What you are asked to do:
Copy the records below exactly as they are written.

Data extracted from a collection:
_____

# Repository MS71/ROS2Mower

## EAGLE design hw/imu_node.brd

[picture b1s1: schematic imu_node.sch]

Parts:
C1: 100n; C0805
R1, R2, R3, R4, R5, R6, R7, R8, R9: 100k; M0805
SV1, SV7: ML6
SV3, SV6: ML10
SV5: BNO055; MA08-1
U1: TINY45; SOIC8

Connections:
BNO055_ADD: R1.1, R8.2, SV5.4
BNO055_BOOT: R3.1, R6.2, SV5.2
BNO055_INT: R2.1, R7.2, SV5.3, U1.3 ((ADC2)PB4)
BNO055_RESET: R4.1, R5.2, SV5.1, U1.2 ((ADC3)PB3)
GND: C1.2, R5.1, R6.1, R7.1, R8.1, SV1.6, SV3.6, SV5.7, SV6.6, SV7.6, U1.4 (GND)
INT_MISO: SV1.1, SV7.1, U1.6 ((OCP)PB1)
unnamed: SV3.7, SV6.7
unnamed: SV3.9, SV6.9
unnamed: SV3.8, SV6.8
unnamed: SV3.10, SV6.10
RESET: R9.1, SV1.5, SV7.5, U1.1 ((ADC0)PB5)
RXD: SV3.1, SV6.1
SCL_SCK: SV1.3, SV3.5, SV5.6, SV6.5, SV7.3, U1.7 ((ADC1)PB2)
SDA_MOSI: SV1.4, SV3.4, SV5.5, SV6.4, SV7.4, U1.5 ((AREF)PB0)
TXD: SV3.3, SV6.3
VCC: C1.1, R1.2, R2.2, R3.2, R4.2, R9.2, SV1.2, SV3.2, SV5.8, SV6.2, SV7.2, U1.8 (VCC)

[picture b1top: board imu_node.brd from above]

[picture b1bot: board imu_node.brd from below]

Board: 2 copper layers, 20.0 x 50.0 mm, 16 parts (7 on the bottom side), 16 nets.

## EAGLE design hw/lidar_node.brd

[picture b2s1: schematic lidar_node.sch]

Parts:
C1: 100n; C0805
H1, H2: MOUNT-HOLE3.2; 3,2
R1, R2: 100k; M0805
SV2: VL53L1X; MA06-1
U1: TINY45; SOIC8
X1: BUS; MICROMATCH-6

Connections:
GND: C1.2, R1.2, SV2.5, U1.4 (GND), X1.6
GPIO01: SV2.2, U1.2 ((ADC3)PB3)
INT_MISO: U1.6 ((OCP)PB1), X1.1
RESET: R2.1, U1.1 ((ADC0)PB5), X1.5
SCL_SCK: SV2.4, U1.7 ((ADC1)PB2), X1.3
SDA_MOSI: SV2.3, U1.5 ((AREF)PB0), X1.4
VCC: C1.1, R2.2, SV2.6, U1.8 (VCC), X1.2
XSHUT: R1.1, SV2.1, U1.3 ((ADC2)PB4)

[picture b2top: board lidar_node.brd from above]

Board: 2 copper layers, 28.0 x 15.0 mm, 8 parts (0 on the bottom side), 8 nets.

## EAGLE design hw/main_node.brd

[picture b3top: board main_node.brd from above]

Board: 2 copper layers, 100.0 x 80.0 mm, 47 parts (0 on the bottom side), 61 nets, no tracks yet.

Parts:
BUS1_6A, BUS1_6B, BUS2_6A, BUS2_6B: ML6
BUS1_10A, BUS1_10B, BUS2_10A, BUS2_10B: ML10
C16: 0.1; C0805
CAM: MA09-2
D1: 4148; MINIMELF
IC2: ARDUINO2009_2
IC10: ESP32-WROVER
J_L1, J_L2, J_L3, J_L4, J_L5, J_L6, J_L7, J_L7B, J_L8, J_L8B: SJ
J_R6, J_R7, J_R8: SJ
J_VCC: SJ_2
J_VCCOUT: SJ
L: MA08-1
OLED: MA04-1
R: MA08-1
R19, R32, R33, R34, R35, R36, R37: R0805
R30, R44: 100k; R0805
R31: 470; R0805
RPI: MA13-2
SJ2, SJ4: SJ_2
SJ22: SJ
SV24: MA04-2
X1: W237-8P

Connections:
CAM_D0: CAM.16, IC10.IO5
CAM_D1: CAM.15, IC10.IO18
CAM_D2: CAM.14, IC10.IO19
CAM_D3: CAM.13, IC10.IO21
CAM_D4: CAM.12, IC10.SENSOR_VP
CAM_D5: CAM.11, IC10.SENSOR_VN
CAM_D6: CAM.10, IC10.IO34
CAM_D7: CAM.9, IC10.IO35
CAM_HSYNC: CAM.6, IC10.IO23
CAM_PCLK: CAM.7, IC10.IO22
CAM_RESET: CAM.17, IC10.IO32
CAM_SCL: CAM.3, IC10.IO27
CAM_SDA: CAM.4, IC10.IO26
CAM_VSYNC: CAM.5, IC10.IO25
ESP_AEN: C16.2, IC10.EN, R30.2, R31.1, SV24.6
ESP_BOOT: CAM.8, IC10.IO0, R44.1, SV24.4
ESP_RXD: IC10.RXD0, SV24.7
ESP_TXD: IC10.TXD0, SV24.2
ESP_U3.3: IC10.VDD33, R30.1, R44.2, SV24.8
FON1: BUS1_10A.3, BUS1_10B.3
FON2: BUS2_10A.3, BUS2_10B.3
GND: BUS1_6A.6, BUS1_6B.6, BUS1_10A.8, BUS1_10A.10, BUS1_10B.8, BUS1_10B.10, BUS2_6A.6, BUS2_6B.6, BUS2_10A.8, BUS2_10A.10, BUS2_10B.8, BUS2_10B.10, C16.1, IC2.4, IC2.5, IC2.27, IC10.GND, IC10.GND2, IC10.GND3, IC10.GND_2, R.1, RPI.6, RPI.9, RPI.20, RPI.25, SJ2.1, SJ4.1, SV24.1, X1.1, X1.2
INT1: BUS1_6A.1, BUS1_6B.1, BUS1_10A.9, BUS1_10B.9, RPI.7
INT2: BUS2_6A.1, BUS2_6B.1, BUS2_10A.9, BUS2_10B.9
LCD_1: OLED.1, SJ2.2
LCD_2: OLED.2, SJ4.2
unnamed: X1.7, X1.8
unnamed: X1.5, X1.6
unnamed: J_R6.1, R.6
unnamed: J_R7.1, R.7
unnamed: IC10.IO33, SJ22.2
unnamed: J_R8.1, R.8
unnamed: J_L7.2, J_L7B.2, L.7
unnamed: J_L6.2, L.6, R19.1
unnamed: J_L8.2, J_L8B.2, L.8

_____

Output below:
# Repository MS71/ROS2Mower

## EAGLE design hw/imu_node.brd

[picture b1s1: schematic imu_node.sch]

Parts:
C1: 100n; C0805
R1, R2, R3, R4, R5, R6, R7, R8, R9: 100k; M0805
SV1, SV7: ML6
SV3, SV6: ML10
SV5: BNO055; MA08-1
U1: TINY45; SOIC8

Connections:
BNO055_ADD: R1.1, R8.2, SV5.4
BNO055_BOOT: R3.1, R6.2, SV5.2
BNO055_INT: R2.1, R7.2, SV5.3, U1.3 ((ADC2)PB4)
BNO055_RESET: R4.1, R5.2, SV5.1, U1.2 ((ADC3)PB3)
GND: C1.2, R5.1, R6.1, R7.1, R8.1, SV1.6, SV3.6, SV5.7, SV6.6, SV7.6, U1.4 (GND)
INT_MISO: SV1.1, SV7.1, U1.6 ((OCP)PB1)
unnamed: SV3.7, SV6.7
unnamed: SV3.9, SV6.9
unnamed: SV3.8, SV6.8
unnamed: SV3.10, SV6.10
RESET: R9.1, SV1.5, SV7.5, U1.1 ((ADC0)PB5)
RXD: SV3.1, SV6.1
SCL_SCK: SV1.3, SV3.5, SV5.6, SV6.5, SV7.3, U1.7 ((ADC1)PB2)
SDA_MOSI: SV1.4, SV3.4, SV5.5, SV6.4, SV7.4, U1.5 ((AREF)PB0)
TXD: SV3.3, SV6.3
VCC: C1.1, R1.2, R2.2, R3.2, R4.2, R9.2, SV1.2, SV3.2, SV5.8, SV6.2, SV7.2, U1.8 (VCC)

[picture b1top: board imu_node.brd from above]

[picture b1bot: board imu_node.brd from below]

Board: 2 copper layers, 20.0 x 50.0 mm, 16 parts (7 on the bottom side), 16 nets.

## EAGLE design hw/lidar_node.brd

[picture b2s1: schematic lidar_node.sch]

Parts:
C1: 100n; C0805
H1, H2: MOUNT-HOLE3.2; 3,2
R1, R2: 100k; M0805
SV2: VL53L1X; MA06-1
U1: TINY45; SOIC8
X1: BUS; MICROMATCH-6

Connections:
GND: C1.2, R1.2, SV2.5, U1.4 (GND), X1.6
GPIO01: SV2.2, U1.2 ((ADC3)PB3)
INT_MISO: U1.6 ((OCP)PB1), X1.1
RESET: R2.1, U1.1 ((ADC0)PB5), X1.5
SCL_SCK: SV2.4, U1.7 ((ADC1)PB2), X1.3
SDA_MOSI: SV2.3, U1.5 ((AREF)PB0), X1.4
VCC: C1.1, R2.2, SV2.6, U1.8 (VCC), X1.2
XSHUT: R1.1, SV2.1, U1.3 ((ADC2)PB4)

[picture b2top: board lidar_node.brd from above]

Board: 2 copper layers, 28.0 x 15.0 mm, 8 parts (0 on the bottom side), 8 nets.

## EAGLE design hw/main_node.brd

[picture b3top: board main_node.brd from above]

Board: 2 copper layers, 100.0 x 80.0 mm, 47 parts (0 on the bottom side), 61 nets, no tracks yet.

Parts:
BUS1_6A, BUS1_6B, BUS2_6A, BUS2_6B: ML6
BUS1_10A, BUS1_10B, BUS2_10A, BUS2_10B: ML10
C16: 0.1; C0805
CAM: MA09-2
D1: 4148; MINIMELF
IC2: ARDUINO2009_2
IC10: ESP32-WROVER
J_L1, J_L2, J_L3, J_L4, J_L5, J_L6, J_L7, J_L7B, J_L8, J_L8B: SJ
J_R6, J_R7, J_R8: SJ
J_VCC: SJ_2
J_VCCOUT: SJ
L: MA08-1
OLED: MA04-1
R: MA08-1
R19, R32, R33, R34, R35, R36, R37: R0805
R30, R44: 100k; R0805
R31: 470; R0805
RPI: MA13-2
SJ2, SJ4: SJ_2
SJ22: SJ
SV24: MA04-2
X1: W237-8P

Connections:
CAM_D0: CAM.16, IC10.IO5
CAM_D1: CAM.15, IC10.IO18
CAM_D2: CAM.14, IC10.IO19
CAM_D3: CAM.13, IC10.IO21
CAM_D4: CAM.12, IC10.SENSOR_VP
CAM_D5: CAM.11, IC10.SENSOR_VN
CAM_D6: CAM.10, IC10.IO34
CAM_D7: CAM.9, IC10.IO35
CAM_HSYNC: CAM.6, IC10.IO23
CAM_PCLK: CAM.7, IC10.IO22
CAM_RESET: CAM.17, IC10.IO32
CAM_SCL: CAM.3, IC10.IO27
CAM_SDA: CAM.4, IC10.IO26
CAM_VSYNC: CAM.5, IC10.IO25
ESP_AEN: C16.2, IC10.EN, R30.2, R31.1, SV24.6
ESP_BOOT: CAM.8, IC10.IO0, R44.1, SV24.4
ESP_RXD: IC10.RXD0, SV24.7
ESP_TXD: IC10.TXD0, SV24.2
ESP_U3.3: IC10.VDD33, R30.1, R44.2, SV24.8
FON1: BUS1_10A.3, BUS1_10B.3
FON2: BUS2_10A.3, BUS2_10B.3
GND: BUS1_6A.6, BUS1_6B.6, BUS1_10A.8, BUS1_10A.10, BUS1_10B.8, BUS1_10B.10, BUS2_6A.6, BUS2_6B.6, BUS2_10A.8, BUS2_10A.10, BUS2_10B.8, BUS2_10B.10, C16.1, IC2.4, IC2.5, IC2.27, IC10.GND, IC10.GND2, IC10.GND3, IC10.GND_2, R.1, RPI.6, RPI.9, RPI.20, RPI.25, SJ2.1, SJ4.1, SV24.1, X1.1, X1.2
INT1: BUS1_6A.1, BUS1_6B.1, BUS1_10A.9, BUS1_10B.9, RPI.7
INT2: BUS2_6A.1, BUS2_6B.1, BUS2_10A.9, BUS2_10B.9
LCD_1: OLED.1, SJ2.2
LCD_2: OLED.2, SJ4.2
unnamed: X1.7, X1.8
unnamed: X1.5, X1.6
unnamed: J_R6.1, R.6
unnamed: J_R7.1, R.7
unnamed: IC10.IO33, SJ22.2
unnamed: J_R8.1, R.8
unnamed: J_L7.2, J_L7B.2, L.7
unnamed: J_L6.2, L.6, R19.1
unnamed: J_L8.2, J_L8B.2, L.8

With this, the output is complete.